The scenario: a war has been raging on American soil for 15 years. Survivors have moved underground into “cityclumps,” where scotch and gin flow like water but food is becoming scarce. TV is controlled by a supreme leader called The Speaker of the Day; fashions are 1950s-starched crinolines, pumps, suspenders and hats; and everyone is so terrified they can’t wipe the smiles off their faces.
This is the scene of Nastaran Ahmadi’s The War is Over, the first play of the Yale Summer Cabaret’s season. It is a timely firecracker of a play, going off just as our real-life leaders debate whether to exit, stage left, or keep playing out the drama known in the news as “Iraq.” Ahmadi’s bad guys, Max Underwood and his Right Hand Man, represent the direction in which our own leaders are heading as long as America’s TV-drugged majority sticks to its present inertia. “It’s about pacification,” says Max. “In order to win, one must pacify.”
The War is Over hints at what we have in common with those on the stage: too busy with somnambulating at our leisure-time pursuits, we willingly practice political ignorance. The play plays on this phenomenon with the characters’ appetite for mini-golf. “Putting is so comforting,” says Sheila Underwood, over and over, cradling her mini-golf club. Like Sheila and Max, we are so conditioned to having fun, fun, fun that we change our internal channels to avoid the blood seeping into the nightly news, despite Fox-News-like attempts to wash it all off.
Only when the family-room TV seems to go on the fritz do two of the play’s lesser citizens (a wife and a girl who’s just turning 20) get a glimpse what the corporate-controlled media has been editing out: actual footage of the war on “the border.” That is when hell breaks loose, and a moment’s loss of control on the mini-golf green unhinges a turn of events that all the peach schnapps in the cityclump can’t smooth over.

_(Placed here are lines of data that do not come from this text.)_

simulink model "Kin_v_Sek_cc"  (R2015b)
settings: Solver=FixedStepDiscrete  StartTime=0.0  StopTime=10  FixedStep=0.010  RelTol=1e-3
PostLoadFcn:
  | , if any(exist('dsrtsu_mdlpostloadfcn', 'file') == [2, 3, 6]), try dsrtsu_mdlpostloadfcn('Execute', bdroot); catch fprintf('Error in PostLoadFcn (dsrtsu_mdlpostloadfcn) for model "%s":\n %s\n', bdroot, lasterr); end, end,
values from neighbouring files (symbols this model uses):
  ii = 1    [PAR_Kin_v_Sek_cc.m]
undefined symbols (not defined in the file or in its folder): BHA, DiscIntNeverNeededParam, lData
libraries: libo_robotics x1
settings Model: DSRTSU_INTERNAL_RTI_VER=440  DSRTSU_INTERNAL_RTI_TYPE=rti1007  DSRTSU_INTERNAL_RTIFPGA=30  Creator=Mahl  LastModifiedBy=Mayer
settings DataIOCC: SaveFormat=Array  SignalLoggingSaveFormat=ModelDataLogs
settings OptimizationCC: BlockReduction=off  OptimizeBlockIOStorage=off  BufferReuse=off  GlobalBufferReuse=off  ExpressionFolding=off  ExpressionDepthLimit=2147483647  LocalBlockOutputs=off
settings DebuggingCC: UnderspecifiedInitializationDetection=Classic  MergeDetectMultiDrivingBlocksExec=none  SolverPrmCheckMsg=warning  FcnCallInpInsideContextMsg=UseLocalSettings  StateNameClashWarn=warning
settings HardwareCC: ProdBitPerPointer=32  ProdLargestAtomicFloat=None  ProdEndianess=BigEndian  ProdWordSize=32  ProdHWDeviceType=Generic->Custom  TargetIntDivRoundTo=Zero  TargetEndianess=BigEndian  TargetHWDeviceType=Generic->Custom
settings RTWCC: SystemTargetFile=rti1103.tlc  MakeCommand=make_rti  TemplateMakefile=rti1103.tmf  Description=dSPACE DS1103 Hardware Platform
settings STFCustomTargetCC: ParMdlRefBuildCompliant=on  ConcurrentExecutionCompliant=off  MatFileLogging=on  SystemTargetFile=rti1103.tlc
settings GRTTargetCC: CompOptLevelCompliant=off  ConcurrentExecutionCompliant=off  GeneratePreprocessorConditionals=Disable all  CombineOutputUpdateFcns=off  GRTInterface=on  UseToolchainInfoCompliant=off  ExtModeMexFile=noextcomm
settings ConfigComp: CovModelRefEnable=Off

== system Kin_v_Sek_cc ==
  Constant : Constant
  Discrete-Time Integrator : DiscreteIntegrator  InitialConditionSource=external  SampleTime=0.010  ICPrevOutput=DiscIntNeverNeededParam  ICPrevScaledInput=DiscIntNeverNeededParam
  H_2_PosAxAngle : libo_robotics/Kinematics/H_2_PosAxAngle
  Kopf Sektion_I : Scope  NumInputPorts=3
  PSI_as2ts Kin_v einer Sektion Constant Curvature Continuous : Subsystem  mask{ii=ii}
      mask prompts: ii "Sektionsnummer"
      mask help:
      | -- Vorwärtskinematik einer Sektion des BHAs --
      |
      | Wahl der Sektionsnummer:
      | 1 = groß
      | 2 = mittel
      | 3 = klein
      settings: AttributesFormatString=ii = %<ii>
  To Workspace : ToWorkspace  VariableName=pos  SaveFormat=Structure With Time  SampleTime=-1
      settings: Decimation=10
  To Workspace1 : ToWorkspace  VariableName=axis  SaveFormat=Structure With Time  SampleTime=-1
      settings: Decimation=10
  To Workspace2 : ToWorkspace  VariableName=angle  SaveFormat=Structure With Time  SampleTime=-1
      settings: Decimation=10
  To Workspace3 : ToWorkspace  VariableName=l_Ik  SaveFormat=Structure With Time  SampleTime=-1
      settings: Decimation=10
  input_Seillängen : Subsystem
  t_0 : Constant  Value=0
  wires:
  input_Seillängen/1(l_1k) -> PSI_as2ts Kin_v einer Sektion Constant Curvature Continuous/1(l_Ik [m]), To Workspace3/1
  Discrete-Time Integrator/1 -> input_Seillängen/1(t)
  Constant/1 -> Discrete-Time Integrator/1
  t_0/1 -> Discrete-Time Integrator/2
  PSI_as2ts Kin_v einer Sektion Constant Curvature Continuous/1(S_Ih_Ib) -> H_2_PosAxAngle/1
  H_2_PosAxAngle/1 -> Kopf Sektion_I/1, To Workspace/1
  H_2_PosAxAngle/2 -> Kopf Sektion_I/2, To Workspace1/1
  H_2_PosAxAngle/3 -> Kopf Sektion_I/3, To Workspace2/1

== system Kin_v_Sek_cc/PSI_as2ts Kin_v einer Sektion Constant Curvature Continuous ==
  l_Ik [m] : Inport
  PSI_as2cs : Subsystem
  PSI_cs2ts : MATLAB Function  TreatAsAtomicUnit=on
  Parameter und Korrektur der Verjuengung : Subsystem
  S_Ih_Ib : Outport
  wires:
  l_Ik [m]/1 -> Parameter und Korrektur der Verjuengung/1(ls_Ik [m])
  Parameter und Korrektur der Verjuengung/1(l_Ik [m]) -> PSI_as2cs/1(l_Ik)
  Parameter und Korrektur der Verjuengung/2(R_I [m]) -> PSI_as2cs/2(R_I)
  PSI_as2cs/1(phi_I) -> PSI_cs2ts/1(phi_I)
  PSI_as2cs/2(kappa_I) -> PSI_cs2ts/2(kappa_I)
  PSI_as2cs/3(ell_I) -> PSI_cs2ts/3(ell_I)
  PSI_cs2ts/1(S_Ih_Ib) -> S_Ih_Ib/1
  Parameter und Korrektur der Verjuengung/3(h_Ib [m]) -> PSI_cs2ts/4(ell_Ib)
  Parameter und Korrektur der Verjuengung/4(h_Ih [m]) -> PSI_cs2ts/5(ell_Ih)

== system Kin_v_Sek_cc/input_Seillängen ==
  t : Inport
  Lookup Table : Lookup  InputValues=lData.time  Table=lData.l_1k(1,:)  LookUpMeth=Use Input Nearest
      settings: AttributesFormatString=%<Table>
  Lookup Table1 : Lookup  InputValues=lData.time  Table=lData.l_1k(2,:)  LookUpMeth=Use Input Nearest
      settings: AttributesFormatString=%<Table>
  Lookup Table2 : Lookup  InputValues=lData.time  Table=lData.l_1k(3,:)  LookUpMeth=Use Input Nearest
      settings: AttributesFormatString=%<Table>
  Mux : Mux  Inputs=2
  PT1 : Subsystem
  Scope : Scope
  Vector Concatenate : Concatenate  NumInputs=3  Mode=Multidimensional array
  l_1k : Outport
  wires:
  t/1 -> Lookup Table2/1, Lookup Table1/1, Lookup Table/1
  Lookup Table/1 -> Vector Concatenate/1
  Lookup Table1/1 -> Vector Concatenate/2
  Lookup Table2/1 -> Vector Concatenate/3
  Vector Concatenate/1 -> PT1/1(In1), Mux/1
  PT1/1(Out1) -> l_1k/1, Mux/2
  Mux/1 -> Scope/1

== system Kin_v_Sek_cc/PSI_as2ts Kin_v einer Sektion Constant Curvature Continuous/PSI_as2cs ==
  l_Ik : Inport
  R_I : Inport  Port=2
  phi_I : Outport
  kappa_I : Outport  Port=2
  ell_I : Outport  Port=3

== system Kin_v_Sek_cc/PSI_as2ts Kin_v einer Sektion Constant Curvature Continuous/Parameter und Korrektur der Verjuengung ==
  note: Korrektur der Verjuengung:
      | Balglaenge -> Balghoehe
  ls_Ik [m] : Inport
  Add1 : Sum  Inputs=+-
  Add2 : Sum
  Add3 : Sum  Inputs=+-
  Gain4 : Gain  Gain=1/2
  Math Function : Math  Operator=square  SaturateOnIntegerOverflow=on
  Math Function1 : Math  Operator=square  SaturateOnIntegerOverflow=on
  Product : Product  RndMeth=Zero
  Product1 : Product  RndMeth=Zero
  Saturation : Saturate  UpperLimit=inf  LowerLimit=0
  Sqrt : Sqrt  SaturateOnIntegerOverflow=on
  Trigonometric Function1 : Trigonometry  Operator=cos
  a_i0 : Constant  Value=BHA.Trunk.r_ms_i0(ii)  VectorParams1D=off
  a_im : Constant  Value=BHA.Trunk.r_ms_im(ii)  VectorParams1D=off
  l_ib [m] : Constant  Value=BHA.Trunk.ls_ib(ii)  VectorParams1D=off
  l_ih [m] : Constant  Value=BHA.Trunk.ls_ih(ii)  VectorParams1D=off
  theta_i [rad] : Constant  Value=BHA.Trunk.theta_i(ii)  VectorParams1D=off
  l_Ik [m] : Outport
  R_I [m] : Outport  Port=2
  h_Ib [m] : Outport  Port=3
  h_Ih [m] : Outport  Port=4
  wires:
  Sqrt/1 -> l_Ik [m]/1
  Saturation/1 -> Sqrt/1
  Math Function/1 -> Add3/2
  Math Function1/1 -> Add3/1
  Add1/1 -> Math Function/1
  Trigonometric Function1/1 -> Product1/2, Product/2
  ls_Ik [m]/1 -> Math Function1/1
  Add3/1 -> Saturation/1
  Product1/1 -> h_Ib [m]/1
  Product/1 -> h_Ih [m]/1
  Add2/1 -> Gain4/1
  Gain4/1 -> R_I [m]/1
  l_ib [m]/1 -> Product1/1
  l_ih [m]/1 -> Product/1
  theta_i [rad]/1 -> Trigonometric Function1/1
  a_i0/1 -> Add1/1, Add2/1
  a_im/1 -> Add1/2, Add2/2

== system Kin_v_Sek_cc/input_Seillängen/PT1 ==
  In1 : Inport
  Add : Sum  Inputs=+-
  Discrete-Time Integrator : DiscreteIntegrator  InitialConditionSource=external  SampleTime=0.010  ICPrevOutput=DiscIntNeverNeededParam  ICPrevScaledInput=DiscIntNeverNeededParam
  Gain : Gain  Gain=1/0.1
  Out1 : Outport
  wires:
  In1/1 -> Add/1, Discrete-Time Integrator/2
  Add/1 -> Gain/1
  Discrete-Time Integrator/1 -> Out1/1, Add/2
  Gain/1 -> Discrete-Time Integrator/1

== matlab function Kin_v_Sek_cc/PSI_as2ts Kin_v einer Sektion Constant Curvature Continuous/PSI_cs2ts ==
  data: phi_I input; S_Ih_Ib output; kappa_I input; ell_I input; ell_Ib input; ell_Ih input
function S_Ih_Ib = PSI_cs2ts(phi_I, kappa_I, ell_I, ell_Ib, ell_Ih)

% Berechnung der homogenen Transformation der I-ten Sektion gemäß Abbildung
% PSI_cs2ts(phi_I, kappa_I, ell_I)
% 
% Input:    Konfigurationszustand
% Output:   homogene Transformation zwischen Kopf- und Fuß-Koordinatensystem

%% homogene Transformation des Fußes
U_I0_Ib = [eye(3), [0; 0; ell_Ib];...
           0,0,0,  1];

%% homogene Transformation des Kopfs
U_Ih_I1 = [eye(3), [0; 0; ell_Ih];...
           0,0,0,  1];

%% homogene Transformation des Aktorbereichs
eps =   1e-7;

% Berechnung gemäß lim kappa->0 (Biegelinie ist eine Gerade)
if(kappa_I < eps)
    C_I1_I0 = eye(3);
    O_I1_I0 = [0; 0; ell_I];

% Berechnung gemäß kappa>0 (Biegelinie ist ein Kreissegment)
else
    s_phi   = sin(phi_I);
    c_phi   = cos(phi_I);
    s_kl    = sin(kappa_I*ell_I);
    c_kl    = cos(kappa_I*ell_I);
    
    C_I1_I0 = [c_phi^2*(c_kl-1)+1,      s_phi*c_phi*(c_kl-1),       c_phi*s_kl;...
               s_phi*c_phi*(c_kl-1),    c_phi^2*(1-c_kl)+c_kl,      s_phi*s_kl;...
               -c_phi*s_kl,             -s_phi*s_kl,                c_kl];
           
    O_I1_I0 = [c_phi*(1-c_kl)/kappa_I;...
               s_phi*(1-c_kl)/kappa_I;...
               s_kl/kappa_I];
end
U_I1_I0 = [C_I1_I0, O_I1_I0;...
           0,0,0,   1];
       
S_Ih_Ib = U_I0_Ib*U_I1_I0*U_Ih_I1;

Unchecked, political drama can veer toward the pedantic; Ahmadi’s drama is not immune. Some of the play’s pithier lines are delivered in repetition, their meaning unfolding as the scenes play out, but sometimes the repetition gets repetitive. A couple of the monologues verge on the plangent; a few more of Ahmadi’s nice absurdist touches might have lightened those scenes. At these times it is the pure knockout talent of Yale Summer Cabaret’s actors carrying the play. These actors know what they’re doing, and they are thrilling to watch. Caitlin Clouthier (in above photo) and Nick Carriere are frightening in their perfection of Sheila and Max. Brian Henry (Bradley) is a human cannonball. All of them glow under the whip-smart, snappy direction of May Adrales.
The War is Over is an intellectual, witty, madcap discourse delivered with abundant talent by the Yale’s summer players. Just in time to wake up the clueless American, it deftly paraphrases some of our actual leaders’ hair-raising comments about the supposed necessity of war. “What is that smell?” it asks. If only the real Speaker of the Day and his Right Hand Man had nose enough to know.
The War is Over continues until July 1. Three more plays fill out the Yale’s Summer Cabaret season, which ends Aug. 12 with Eugene Ionesco’s The New Tenant.